▶ [WHAT THE TASK ASKS]:
Using the data that follows, give the number of lines in which the word "ezdxf" occurs. Write only the number.

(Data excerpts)
↓
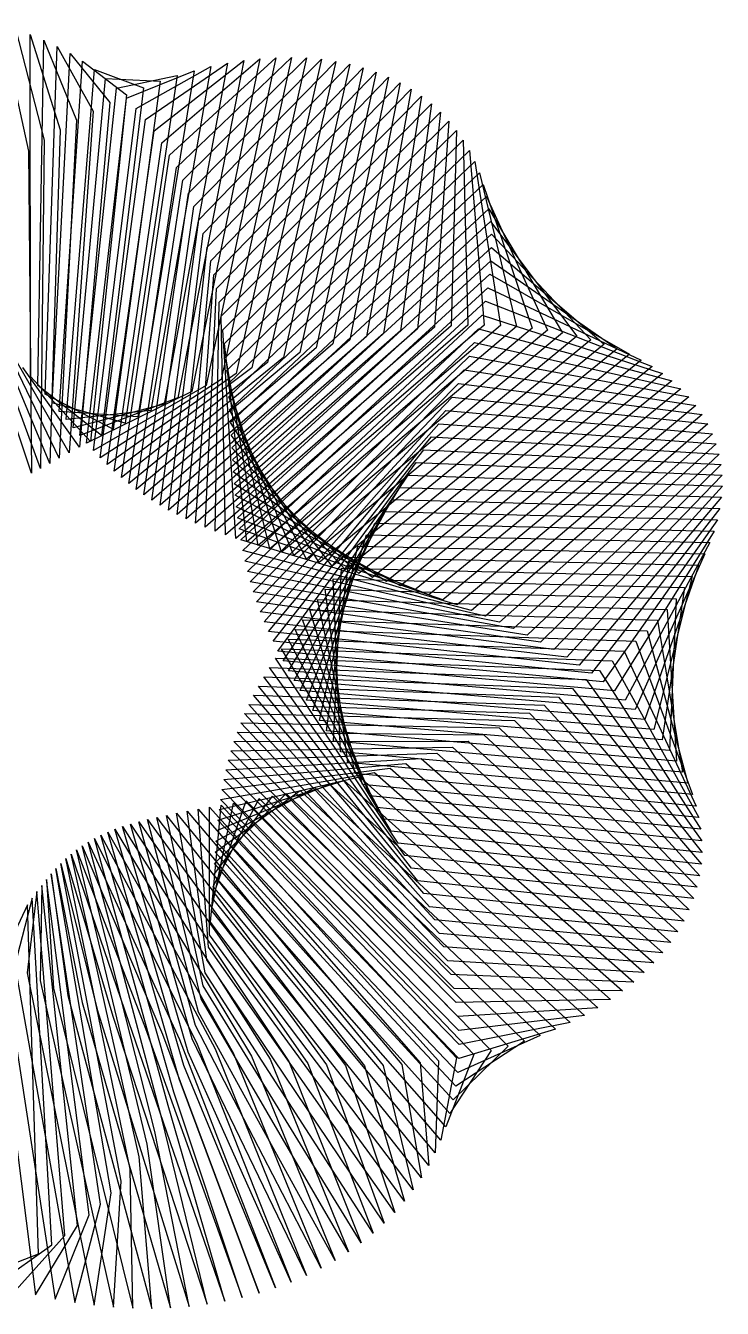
# Model space of a CAD drawing. Header units: metres. Extents: x -103 to 101, y -92 to 94.
# Drawn here: x 0.3 to 100.6, y -91.8 to 93 of the extents above; entities that cross this region are included whole.
import ezdxf

# ---------------------------------------------------------------- set-up
doc = ezdxf.new("R2010")
doc.units = ezdxf.units.M

msp = doc.modelspace()

# ---------------------------------------------------------------- linework, layer by layer
for p, q in [((-3.23, 92.96, -270.58), (0.68, 74.89, -223.44)), ((-1.12, 92.37, -272.21), (2.95, 76.46, -224.32)), ((0.98, 42.42, -285.47), (0.93, 91.67, -273.84)), ((0.93, 91.67, -273.84), (5.27, 77.94, -225.3)), ((2.05, 41.14, -284.76), (2.92, 90.86, -275.45)), ((2.92, 90.86, -275.45), (7.62, 79.35, -226.37)), ((3.1, 39.87, -283.99), (4.84, 89.95, -277.03)), ((4.12, 38.62, -283.19), (6.69, 88.93, -278.59)), ((4.84, 89.95, -277.03), (10, 80.66, -227.53)), ((6.69, 88.93, -278.59), (12.4, 81.88, -228.78)), ((5.13, 37.39, -282.34), (8.47, 87.83, -280.12)), ((8.47, 87.83, -280.12), (14.82, 83, -230.13)), ((16.22, 81.01, -287.2), (26.95, 87.06, -238.09)), ((17.54, 79.43, -288.47), (29.34, 87.55, -239.92)), ((26.95, 87.06, -238.09), (18.29, 37.53, -232.36)), ((18.77, 77.78, -289.69), (31.7, 87.93, -241.81)), ((19.92, 76.08, -290.85), (34.03, 88.19, -243.77)), ((29.34, 87.55, -239.92), (20.21, 38.44, -231.77)), ((20.99, 74.32, -291.95), (36.32, 88.34, -245.78)), ((21.99, 72.52, -292.98), (38.56, 88.38, -247.86)), ((31.7, 87.93, -241.81), (22.18, 39.34, -231.26)), ((22.91, 70.68, -293.95), (40.75, 88.3, -249.98)), ((23.75, 68.81, -294.85), (42.89, 88.11, -252.15)), ((34.03, 88.19, -243.77), (24.21, 40.24, -230.85)), ((24.52, 66.9, -295.68), (44.96, 87.81, -254.37)), ((25.22, 64.97, -296.44), (46.96, 87.41, -256.62)), ((25.86, 63.01, -297.12), (48.89, 86.89, -258.9)), ((36.32, 88.34, -245.78), (26.29, 41.12, -230.53)), ((38.56, 88.38, -247.86), (28.43, 41.99, -230.3)), ((40.75, 88.3, -249.98), (30.61, 42.83, -230.17)), ((42.89, 88.11, -252.15), (32.84, 43.65, -230.15)), ((44.96, 87.81, -254.37), (35.11, 44.43, -230.22)), ((46.96, 87.41, -256.62), (37.42, 45.17, -230.4)), ((48.89, 86.89, -258.9), (39.76, 45.87, -230.68)), ((6.13, 36.2, -281.45), (10.18, 86.63, -281.62)), ((7.11, 35.03, -280.51), (11.81, 85.34, -283.08)), ((10.18, 86.63, -281.62), (17.25, 84.02, -231.55)), ((11.81, 85.34, -283.08), (19.68, 84.94, -233.07)), ((13.36, 83.97, -284.5), (22.12, 85.76, -234.67)), ((22.12, 85.76, -234.67), (14.64, 35.71, -233.79)), ((14.83, 82.53, -285.87), (24.54, 86.47, -236.34)), ((24.54, 86.47, -236.34), (16.43, 36.62, -233.03)), ((26.43, 61.04, -297.73), (50.75, 86.27, -261.21)), ((26.94, 59.07, -298.26), (52.52, 85.55, -263.55)), ((50.75, 86.27, -261.21), (42.14, 46.53, -231.06)), ((52.52, 85.55, -263.55), (44.53, 47.14, -231.55)), ((8.09, 33.9, -279.54), (13.36, 83.97, -284.5)), ((17.25, 84.02, -231.55), (11.22, 33.93, -235.53)), ((19.68, 84.94, -233.07), (12.9, 34.81, -234.62)), ((27.39, 57.07, -298.72), (54.21, 84.73, -265.9)), ((27.79, 55.08, -299.1), (55.8, 83.81, -268.26)), ((54.21, 84.73, -265.9), (46.95, 47.69, -232.15)), ((55.8, 83.81, -268.26), (49.38, 48.19, -232.86)), ((12.4, 81.88, -228.78), (8.06, 32.23, -237.55)), ((9.07, 32.8, -278.54), (14.83, 82.53, -285.87)), ((14.82, 83, -230.13), (9.61, 33.07, -236.51)), ((28.14, 53.1, -299.4), (57.3, 82.79, -270.62)), ((28.44, 51.11, -299.63), (58.71, 81.69, -272.99)), ((57.3, 82.79, -270.62), (51.82, 48.62, -233.67)), ((58.71, 81.69, -272.99), (54.26, 49, -234.59)), ((10, 80.66, -227.53), (6.56, 31.41, -238.66)), ((10.05, 31.74, -277.51), (16.22, 81.01, -287.2)), ((28.7, 49.13, -299.77), (60.01, 80.5, -275.35)), ((60.01, 80.5, -275.35), (56.71, 49.3, -235.61)), ((5.27, 77.94, -225.3), (3.75, 29.88, -241.04)), ((7.62, 79.35, -226.37), (5.13, 30.63, -239.83)), ((11.03, 30.72, -276.45), (17.54, 79.43, -288.47)), ((12.03, 29.73, -275.37), (18.77, 77.78, -289.69)), ((28.93, 47.17, -299.85), (61.21, 79.22, -277.7)), ((29.12, 45.22, -299.85), (62.31, 77.87, -280.03)), ((61.21, 79.22, -277.7), (59.14, 49.54, -236.74)), ((62.31, 77.87, -280.03), (61.56, 49.7, -237.97)), ((2.95, 76.46, -224.32), (2.42, 29.16, -242.31)), ((13.05, 28.78, -274.27), (19.92, 76.08, -290.85)), ((29.28, 43.28, -299.77), (63.3, 76.44, -282.34)), ((63.3, 76.44, -282.34), (63.96, 49.79, -239.3)), ((0.68, 74.89, -223.44), (1.15, 28.49, -243.63)), ((14.08, 27.87, -273.15), (20.99, 74.32, -291.95)), ((29.43, 41.37, -299.63), (64.19, 74.95, -284.63)), ((64.19, 74.95, -284.63), (66.33, 49.81, -240.74)), ((15.13, 27, -272.02), (21.99, 72.52, -292.98)), ((29.55, 39.48, -299.41), (64.96, 73.38, -286.88)), ((64.96, 73.38, -286.88), (68.67, 49.74, -242.27)), ((16.21, 26.16, -270.88), (22.91, 70.68, -293.95)), ((29.66, 37.61, -299.12), (65.63, 71.76, -289.1)), ((65.63, 71.76, -289.1), (70.97, 49.6, -243.89)), ((17.32, 25.37, -269.74), (23.75, 68.81, -294.85)), ((29.77, 35.77, -298.77), (66.19, 70.08, -291.27)), ((66.19, 70.08, -291.27), (73.22, 49.38, -245.61)), ((18.46, 24.6, -268.6), (24.52, 66.9, -295.68)), ((29.86, 33.95, -298.36), (66.64, 68.35, -293.4)), ((29.96, 32.16, -297.89), (66.98, 66.57, -295.48)), ((66.64, 68.35, -293.4), (75.43, 49.08, -247.41)), ((66.98, 66.57, -295.48), (77.58, 48.7, -249.31)), ((19.64, 23.88, -267.46), (25.22, 64.97, -296.44)), ((30.07, 30.41, -297.36), (67.21, 64.76, -297.49)), ((67.21, 64.76, -297.49), (79.66, 48.24, -251.28)), ((20.86, 23.18, -266.34), (25.86, 63.01, -297.12)), ((30.18, 28.67, -296.78), (67.35, 62.9, -299.45)), ((67.35, 62.9, -299.45), (81.67, 47.7, -253.33)), ((22.11, 22.52, -265.22), (26.43, 61.04, -297.73)), ((30.31, 26.97, -296.14), (67.37, 61.02, -301.35)), ((67.37, 61.02, -301.35), (83.61, 47.08, -255.46)), ((23.41, 21.89, -264.13), (26.94, 59.07, -298.26)), ((30.45, 25.3, -295.46), (67.29, 59.1, -303.17)), ((67.29, 59.1, -303.17), (85.46, 46.38, -257.66)), ((24.75, 21.29, -263.06), (27.39, 57.07, -298.72)), ((30.61, 23.65, -294.74), (67.12, 57.17, -304.92)), ((67.12, 57.17, -304.92), (87.23, 45.61, -259.92)), ((26.14, 20.71, -262.02), (27.79, 55.08, -299.1)), ((30.8, 22.04, -293.98), (66.86, 55.21, -306.6)), ((66.86, 55.21, -306.6), (88.91, 44.76, -262.25)), ((27.57, 20.15, -261.02), (28.14, 53.1, -299.4)), ((31.02, 20.45, -293.18), (66.49, 53.25, -308.2)), ((66.49, 53.25, -308.2), (90.5, 43.84, -264.63)), ((1.15, 28.49, -243.63), (-6.21, 50.35, -288.65)), ((29.05, 19.61, -260.05), (28.44, 51.11, -299.63)), ((31.27, 18.88, -292.36), (66.04, 51.27, -309.71)), ((66.04, 51.27, -309.71), (91.98, 42.85, -267.06)), ((2.42, 29.16, -242.31), (-4.91, 49.03, -288.25)), ((49.38, 48.19, -232.86), (20.86, 23.18, -266.34)), ((51.82, 48.62, -233.67), (22.11, 22.52, -265.22)), ((54.26, 49, -234.59), (23.41, 21.89, -264.13)), ((56.71, 49.3, -235.61), (24.75, 21.29, -263.06)), ((59.14, 49.54, -236.74), (26.14, 20.71, -262.02)), ((61.56, 49.7, -237.97), (27.57, 20.15, -261.02)), ((30.57, 19.09, -259.12), (28.7, 49.13, -299.77)), ((63.96, 49.79, -239.3), (29.05, 19.61, -260.05)), ((66.33, 49.81, -240.74), (30.57, 19.09, -259.12)), ((31.55, 17.34, -291.51), (65.51, 49.29, -311.14)), ((68.67, 49.74, -242.27), (32.15, 18.58, -258.24)), ((70.97, 49.6, -243.89), (33.77, 18.08, -257.41)), ((73.22, 49.38, -245.61), (35.44, 17.59, -256.63)), ((75.43, 49.08, -247.41), (37.15, 17.1, -255.92)), ((77.58, 48.7, -249.31), (38.91, 16.61, -255.27)), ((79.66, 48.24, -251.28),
↑
▶ [REPLY TO THE EXERCISE]:
3